Ermindo fue uno de los grandes talentos del fútbol argentino durante su época. Ubicado de volante ofensivo o delantero, siempre se destacó como un excelente jugador a partir de su habilidad con la pelota. Inteligente, gambeteador y goleador, así era el ‘Ronco’ dentro de una cancha.

Nació en 1940 en Las Parejas, Santa Fe; y a los 17 años arribó a River, donde jugó en la Reserva, bajo las órdenes de Renato Cesarini. El entrenador, en una ocasión, explicó: “Onega arranca y hace un surco en la cancha”. El 15 de diciembre de 1957, River, ya consagrado campeón, se enfrentó ante San Lorenzo. Aquella jornada, Ángel Labruna no pudo jugar por una lesión, por lo que fue reemplazado por el debutante Ermindo. El resultado final fue 5-1 a favor del conjunto de Boedo.

Desde 1957 y hasta 1968, ‘el Ronco’ vistió los colores de River. Más allá del mencionado título de 1957, donde sólo jugó un encuentro con el equipo ya consagrado, nunca más pudo gritar campeón allí. Durante una época difícil del club de Núñez, donde por lo general realizaba buenas campañas pero siempre quedaba al borde del título, Onega lograba destacarse por su gran nivel.
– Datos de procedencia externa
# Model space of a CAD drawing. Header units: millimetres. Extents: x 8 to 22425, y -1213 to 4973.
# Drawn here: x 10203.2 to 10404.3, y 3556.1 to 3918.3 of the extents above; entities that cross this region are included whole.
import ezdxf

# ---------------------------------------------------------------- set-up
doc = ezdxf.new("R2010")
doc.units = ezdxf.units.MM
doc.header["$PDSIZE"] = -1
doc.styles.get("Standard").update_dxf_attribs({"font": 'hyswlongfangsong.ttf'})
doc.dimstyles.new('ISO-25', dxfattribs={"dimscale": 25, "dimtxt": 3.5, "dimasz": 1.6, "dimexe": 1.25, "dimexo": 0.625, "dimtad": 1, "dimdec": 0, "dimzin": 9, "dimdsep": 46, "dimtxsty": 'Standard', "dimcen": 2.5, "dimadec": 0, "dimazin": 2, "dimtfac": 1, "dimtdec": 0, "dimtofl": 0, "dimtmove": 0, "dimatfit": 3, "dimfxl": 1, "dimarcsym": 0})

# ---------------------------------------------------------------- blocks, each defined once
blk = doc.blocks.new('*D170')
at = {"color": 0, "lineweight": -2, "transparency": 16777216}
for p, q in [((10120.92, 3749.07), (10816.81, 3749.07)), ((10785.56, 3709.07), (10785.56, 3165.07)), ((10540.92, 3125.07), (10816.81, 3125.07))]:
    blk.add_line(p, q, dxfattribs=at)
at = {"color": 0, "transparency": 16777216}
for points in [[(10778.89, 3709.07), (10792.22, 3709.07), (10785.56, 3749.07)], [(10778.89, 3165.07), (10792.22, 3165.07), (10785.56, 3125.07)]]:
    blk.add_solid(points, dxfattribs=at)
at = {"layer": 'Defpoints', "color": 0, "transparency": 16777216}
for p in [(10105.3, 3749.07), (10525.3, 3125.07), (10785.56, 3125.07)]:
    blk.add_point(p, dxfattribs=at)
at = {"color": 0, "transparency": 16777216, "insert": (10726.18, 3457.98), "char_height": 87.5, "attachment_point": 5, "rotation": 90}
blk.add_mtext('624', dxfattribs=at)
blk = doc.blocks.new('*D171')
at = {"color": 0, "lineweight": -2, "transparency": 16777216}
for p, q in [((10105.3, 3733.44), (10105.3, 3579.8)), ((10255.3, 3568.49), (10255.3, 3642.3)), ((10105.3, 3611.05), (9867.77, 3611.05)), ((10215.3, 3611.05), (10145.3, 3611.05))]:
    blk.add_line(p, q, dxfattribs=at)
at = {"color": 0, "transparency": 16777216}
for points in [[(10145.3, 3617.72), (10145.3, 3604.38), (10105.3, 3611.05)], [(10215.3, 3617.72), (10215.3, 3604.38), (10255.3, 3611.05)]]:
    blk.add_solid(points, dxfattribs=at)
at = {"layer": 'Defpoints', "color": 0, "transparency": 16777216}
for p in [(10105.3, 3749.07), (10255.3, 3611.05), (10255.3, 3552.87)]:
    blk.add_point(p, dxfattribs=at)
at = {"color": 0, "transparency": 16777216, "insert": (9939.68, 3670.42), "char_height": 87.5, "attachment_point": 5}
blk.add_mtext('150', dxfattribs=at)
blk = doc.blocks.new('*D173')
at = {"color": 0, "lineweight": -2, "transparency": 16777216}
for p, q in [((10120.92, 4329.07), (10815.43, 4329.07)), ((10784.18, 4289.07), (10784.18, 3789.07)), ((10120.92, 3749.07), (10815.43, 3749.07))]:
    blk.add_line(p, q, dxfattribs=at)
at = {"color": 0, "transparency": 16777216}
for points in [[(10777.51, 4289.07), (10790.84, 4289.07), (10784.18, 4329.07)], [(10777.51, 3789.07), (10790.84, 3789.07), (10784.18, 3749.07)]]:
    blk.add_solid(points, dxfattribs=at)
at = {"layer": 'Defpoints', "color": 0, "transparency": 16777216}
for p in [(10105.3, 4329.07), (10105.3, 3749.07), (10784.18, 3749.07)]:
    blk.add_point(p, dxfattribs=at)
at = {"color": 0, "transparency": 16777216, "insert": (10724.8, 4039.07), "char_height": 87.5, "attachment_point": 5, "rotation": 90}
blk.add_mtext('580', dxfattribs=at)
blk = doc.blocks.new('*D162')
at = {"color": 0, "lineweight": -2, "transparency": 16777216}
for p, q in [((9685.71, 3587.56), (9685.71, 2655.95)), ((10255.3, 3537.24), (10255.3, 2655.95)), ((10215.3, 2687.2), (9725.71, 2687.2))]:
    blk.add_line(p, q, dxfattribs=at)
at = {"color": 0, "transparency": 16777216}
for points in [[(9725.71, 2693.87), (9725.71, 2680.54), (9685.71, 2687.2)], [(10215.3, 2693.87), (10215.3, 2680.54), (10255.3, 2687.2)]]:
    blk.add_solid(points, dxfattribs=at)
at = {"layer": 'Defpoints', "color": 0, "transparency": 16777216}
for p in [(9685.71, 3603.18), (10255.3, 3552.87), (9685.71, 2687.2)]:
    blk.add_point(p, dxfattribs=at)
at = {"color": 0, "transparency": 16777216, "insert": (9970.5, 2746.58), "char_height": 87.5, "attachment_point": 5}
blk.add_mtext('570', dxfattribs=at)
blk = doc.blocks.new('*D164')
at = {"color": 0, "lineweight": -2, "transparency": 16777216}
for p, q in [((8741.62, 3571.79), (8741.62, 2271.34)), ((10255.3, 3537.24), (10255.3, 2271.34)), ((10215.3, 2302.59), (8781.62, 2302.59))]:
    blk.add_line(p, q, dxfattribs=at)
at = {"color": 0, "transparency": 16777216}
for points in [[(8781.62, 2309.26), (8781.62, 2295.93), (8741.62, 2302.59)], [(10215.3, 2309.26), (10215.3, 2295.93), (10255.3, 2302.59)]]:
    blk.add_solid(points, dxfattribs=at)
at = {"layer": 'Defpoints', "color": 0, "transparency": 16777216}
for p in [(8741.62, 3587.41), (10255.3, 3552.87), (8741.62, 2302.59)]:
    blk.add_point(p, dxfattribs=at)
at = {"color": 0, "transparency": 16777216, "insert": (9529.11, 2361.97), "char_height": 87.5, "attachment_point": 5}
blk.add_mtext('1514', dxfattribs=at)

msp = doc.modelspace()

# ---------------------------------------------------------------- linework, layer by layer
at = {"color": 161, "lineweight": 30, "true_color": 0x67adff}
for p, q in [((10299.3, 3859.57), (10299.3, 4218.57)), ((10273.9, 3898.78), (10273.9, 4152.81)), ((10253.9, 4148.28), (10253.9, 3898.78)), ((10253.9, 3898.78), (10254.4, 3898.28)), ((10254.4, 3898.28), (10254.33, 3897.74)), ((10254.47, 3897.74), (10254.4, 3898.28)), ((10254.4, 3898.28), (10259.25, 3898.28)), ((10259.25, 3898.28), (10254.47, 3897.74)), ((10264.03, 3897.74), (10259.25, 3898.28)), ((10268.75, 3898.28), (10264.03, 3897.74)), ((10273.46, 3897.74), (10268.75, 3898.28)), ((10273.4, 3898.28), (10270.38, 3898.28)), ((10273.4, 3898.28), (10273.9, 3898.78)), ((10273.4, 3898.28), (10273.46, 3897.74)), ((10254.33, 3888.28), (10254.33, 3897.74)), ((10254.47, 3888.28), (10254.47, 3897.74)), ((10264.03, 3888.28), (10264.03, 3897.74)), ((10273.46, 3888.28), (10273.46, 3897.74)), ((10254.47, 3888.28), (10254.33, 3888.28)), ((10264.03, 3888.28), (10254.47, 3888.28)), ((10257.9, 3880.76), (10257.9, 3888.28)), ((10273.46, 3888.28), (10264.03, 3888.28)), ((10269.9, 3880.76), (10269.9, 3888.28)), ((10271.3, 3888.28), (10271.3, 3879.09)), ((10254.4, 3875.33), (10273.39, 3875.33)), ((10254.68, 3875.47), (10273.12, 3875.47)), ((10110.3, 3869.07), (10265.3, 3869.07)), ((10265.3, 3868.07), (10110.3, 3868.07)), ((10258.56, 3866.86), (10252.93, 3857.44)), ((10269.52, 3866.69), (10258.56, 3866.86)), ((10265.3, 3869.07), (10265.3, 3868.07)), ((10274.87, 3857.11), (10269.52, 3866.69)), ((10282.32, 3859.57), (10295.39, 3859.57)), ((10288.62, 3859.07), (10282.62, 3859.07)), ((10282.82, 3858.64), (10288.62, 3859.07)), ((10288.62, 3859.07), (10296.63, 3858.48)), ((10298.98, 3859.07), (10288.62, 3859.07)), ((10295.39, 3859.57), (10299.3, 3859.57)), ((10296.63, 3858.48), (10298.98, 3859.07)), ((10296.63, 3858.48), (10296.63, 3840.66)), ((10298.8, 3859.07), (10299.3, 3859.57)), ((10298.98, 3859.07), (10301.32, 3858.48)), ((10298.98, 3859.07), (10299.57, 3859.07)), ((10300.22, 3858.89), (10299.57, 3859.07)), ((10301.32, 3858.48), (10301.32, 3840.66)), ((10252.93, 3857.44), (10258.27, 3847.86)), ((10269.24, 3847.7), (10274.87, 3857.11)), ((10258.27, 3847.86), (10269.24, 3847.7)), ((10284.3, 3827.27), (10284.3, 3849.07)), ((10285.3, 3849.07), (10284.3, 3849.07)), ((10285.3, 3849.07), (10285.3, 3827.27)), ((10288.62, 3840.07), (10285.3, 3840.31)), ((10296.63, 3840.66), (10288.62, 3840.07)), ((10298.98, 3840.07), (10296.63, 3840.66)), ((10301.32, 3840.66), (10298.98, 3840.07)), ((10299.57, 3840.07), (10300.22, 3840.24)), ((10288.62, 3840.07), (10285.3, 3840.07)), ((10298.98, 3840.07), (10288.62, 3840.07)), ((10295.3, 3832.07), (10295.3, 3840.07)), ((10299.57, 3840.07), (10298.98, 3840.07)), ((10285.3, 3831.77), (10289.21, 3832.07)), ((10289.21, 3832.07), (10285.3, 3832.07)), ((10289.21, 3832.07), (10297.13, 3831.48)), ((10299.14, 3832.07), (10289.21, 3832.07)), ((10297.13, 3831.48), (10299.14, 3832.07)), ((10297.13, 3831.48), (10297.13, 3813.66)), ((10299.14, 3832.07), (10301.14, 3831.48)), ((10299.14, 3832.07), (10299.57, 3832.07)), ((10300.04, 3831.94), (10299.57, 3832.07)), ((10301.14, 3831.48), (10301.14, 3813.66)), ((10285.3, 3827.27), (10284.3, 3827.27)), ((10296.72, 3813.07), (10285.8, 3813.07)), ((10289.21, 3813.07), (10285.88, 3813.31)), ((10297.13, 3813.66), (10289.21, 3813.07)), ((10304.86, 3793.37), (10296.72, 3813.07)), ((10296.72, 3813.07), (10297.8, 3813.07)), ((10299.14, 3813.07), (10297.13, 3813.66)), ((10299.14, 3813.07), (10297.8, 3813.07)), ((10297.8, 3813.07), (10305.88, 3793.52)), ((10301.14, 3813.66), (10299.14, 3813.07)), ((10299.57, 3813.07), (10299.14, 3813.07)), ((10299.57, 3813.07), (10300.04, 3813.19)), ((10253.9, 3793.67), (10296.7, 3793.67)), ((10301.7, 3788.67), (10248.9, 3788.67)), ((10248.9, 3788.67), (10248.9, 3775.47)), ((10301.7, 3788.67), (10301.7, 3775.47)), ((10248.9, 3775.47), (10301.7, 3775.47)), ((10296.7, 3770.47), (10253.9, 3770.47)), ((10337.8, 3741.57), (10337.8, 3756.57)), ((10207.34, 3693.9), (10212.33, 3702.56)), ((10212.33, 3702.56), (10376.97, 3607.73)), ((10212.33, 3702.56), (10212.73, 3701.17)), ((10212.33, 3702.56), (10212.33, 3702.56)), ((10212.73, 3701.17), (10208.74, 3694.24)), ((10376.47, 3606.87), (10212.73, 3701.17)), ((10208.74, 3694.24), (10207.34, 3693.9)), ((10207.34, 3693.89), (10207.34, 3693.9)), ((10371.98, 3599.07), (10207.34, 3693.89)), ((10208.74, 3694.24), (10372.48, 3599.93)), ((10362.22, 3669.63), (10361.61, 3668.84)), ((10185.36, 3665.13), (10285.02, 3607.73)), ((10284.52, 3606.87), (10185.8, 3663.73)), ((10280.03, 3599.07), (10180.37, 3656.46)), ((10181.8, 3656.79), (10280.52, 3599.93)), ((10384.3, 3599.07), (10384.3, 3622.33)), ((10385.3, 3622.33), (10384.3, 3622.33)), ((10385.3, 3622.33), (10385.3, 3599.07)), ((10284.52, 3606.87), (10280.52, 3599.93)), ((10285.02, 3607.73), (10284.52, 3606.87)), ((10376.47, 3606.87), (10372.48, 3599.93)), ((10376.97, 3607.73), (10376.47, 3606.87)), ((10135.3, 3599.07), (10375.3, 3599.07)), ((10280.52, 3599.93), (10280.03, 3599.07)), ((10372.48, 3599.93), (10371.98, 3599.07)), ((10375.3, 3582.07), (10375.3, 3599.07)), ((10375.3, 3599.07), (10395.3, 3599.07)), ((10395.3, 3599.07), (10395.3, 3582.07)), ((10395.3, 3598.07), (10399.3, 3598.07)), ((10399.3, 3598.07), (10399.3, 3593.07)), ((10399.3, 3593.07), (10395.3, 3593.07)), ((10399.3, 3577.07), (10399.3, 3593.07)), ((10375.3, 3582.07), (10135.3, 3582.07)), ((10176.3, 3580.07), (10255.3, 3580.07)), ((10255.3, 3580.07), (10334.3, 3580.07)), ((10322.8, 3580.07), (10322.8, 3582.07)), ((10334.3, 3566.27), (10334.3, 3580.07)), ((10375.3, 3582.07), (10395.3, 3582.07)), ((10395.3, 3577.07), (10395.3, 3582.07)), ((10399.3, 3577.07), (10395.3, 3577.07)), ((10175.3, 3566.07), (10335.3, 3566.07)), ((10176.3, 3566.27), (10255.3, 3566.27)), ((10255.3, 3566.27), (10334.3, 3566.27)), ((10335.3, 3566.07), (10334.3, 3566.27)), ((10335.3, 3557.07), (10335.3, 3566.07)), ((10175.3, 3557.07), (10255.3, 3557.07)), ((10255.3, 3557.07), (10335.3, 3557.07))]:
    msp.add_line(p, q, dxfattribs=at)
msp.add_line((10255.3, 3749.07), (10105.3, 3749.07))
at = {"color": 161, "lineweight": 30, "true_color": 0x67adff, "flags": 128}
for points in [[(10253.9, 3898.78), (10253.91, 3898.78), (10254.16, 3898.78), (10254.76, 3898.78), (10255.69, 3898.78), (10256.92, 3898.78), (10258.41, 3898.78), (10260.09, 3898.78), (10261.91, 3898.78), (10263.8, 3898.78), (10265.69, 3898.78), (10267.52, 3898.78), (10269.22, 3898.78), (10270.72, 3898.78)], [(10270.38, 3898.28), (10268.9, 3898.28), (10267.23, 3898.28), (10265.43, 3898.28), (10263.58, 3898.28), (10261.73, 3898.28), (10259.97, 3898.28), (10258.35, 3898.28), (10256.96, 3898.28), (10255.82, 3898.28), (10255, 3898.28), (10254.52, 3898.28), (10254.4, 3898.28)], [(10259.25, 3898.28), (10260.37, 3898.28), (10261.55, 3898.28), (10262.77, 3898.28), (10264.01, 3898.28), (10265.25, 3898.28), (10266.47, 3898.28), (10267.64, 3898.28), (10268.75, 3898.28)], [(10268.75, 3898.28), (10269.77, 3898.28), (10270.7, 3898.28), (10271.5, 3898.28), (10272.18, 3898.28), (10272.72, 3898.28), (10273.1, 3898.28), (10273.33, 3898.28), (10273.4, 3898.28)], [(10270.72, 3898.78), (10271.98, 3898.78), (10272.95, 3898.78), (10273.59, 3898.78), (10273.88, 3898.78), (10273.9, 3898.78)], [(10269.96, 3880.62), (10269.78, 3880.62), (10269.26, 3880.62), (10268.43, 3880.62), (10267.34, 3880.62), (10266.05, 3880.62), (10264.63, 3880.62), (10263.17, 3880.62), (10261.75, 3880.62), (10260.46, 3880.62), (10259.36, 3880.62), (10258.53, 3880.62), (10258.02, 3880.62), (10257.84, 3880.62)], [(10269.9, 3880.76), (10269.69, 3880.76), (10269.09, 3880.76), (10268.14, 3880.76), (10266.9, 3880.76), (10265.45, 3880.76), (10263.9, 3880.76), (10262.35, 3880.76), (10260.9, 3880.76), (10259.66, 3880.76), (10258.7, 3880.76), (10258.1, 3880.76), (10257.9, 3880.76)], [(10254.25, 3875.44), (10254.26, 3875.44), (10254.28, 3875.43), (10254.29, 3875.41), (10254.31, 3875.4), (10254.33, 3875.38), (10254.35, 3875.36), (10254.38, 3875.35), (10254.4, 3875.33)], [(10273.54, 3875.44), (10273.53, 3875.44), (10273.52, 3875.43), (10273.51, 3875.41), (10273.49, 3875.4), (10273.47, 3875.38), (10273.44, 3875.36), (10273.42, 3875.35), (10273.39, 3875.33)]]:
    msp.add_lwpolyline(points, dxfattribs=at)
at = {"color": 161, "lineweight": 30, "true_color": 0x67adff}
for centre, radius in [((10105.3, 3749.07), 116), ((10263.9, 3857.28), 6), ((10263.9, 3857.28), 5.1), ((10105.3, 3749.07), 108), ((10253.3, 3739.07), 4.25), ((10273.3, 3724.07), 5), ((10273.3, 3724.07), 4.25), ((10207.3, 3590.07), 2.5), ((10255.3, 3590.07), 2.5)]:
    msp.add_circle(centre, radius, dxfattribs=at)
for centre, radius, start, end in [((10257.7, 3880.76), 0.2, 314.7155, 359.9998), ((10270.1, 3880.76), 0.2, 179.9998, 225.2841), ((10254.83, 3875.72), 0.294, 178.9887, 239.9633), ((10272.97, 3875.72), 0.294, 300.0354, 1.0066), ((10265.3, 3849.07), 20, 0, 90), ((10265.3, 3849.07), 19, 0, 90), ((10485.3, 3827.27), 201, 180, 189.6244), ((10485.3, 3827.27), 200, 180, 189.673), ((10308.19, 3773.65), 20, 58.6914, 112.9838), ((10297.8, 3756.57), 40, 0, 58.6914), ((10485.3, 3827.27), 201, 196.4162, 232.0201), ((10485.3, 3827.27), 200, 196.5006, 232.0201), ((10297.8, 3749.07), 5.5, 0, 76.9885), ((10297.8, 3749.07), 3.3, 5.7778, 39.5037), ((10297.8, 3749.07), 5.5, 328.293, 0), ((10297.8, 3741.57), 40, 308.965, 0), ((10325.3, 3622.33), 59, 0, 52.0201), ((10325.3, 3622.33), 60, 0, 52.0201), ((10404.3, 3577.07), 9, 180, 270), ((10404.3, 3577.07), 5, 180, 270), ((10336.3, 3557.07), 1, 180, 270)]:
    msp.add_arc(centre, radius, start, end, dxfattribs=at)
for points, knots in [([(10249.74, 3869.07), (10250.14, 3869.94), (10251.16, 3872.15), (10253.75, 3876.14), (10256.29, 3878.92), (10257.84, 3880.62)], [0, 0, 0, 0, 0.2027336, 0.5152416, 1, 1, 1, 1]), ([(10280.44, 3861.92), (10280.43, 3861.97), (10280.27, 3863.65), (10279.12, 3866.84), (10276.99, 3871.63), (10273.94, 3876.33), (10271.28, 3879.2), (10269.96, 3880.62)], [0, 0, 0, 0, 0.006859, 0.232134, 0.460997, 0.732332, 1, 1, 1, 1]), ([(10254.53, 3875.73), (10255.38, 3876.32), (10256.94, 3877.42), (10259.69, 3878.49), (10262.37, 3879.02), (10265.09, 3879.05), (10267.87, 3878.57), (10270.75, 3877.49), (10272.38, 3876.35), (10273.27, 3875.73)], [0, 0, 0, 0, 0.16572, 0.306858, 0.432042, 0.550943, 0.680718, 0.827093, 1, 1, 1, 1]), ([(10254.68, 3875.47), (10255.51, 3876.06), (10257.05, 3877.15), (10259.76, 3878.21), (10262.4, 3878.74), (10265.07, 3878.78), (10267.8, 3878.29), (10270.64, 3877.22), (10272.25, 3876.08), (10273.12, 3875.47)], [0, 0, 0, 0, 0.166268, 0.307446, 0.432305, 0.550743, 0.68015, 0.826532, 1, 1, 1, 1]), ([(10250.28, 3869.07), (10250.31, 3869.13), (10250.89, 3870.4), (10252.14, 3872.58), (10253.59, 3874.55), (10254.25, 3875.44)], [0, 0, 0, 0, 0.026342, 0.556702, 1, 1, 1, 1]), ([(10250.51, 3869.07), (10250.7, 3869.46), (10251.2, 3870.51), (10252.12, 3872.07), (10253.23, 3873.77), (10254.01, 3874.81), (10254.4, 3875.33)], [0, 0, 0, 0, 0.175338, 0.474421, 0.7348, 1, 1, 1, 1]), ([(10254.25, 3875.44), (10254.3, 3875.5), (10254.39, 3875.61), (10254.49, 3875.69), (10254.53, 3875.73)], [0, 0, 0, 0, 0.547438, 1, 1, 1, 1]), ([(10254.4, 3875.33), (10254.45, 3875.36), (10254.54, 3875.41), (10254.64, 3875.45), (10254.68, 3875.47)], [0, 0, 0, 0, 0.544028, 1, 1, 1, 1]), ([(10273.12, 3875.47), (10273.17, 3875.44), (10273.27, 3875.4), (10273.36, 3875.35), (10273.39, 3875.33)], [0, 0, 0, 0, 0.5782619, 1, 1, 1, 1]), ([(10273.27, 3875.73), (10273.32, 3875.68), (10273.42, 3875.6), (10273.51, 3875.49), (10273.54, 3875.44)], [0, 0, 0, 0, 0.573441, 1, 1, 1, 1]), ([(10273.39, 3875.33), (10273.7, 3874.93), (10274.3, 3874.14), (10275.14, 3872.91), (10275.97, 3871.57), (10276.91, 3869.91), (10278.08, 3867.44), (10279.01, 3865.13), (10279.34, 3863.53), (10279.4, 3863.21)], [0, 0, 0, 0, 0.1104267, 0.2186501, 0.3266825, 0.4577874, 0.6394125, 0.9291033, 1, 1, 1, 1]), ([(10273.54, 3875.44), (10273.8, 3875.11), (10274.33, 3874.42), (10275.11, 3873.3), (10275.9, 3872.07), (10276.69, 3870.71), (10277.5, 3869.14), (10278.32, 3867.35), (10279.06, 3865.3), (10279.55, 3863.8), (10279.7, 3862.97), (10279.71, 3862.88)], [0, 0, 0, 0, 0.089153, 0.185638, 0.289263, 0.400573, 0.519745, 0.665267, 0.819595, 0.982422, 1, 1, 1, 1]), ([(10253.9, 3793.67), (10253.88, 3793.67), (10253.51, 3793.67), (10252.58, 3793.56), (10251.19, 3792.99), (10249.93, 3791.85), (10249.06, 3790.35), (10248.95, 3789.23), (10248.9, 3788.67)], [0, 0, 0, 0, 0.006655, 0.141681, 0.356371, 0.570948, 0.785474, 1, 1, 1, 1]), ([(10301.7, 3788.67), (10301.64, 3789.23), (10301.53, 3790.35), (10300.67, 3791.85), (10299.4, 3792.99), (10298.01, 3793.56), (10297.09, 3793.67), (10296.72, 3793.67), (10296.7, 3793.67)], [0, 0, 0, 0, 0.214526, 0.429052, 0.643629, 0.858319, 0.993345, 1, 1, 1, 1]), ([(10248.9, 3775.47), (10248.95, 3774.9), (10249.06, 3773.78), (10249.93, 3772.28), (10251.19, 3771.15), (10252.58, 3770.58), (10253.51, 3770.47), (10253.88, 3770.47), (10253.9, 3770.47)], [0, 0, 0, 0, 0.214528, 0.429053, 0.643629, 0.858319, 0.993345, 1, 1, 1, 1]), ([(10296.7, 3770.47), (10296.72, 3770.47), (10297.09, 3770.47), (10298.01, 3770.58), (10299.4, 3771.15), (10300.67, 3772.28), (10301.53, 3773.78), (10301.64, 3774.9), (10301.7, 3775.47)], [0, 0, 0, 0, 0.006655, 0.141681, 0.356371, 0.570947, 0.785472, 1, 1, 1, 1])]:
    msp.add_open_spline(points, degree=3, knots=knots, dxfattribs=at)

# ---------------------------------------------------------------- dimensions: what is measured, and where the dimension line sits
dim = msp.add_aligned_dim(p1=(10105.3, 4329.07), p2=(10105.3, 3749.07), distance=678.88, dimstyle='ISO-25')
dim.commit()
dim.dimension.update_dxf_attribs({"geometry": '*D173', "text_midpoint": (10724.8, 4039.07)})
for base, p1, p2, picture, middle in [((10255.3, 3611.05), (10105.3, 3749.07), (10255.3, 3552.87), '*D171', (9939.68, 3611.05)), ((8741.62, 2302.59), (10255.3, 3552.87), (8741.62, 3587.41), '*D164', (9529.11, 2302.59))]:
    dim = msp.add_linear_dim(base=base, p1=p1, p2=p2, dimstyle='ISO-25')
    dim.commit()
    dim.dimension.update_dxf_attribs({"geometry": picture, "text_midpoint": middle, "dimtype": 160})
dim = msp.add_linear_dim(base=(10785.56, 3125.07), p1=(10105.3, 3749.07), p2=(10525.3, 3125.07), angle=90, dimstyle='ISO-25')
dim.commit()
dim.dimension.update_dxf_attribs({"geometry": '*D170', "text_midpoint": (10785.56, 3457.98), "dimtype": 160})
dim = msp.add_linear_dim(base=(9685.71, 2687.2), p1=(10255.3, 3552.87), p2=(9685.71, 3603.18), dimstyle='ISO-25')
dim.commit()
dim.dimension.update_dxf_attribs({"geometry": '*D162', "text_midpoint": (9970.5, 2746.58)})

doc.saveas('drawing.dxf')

Con la Selección Argentina fue figura en las Copas de Naciones de 1964, un torneo organizado en Brasil, vigente bicampeón del mundo, con el objetivo de lucirse ante su público y celebrar en su casa las dos Copas del Mundo que habían obtenido en Suecia 1958 y Chile 1962. Para disputar un cuadrangular por puntos, invitó a Inglaterra, país donde dos años después se jugaría el Mundial; a Portugal, la madre patria de Brasil; y a último momento, al no poder viajar Italia (hasta ese momento, con sus dos mundiales de 1934 y 1938, el más ganador junto a los locales), a la Selección Argentina. Para sorpresa de los brasileros, el equipo de José María Minella mostró un gran nivel de juego, ganó todos sus partidos y se terminó quedando con el título.

En aquel certamen, luego de superar 2-0 a Portugal en el debut, Argentina enfrentó a Brasil en el estadio Pacaembú de San Pablo. A los 38 minutos de la primera mitad, Ermindo Onega convirtió el 1-0, conduciendo al conjunto nacional al histórico 3-0.  Tres días después, la Selección volvió a mostrar un gran rendimiento, derrotó 1-0 a Inglaterra y se quedó con la Copa de las Naciones 1964. Contra el pronóstico de todos, Argentina viajó a Brasil, ganó todos sus partidos y finalizó con la valla invicta ante grandes rivales: el Brasil de Pelé que era bicampeón del mundo; Inglaterra, con los hermanos Charlton, que obtuvo el Mundial dos años después; y a Portugal que contaba con Eusebio.

“Onega era un jugadorazo de toda la cancha. Fue fundamental para la Selección en ese momento, ya que por su forma de jugar, Argentina pudo quedarse con el triunfo”, declaró tiempo después Roberto Telch, jugador del conjunto nacional de aquel momento. En total, el ‘Ronco’ disputó todos los encuentros de las Copas de Naciones de 1964.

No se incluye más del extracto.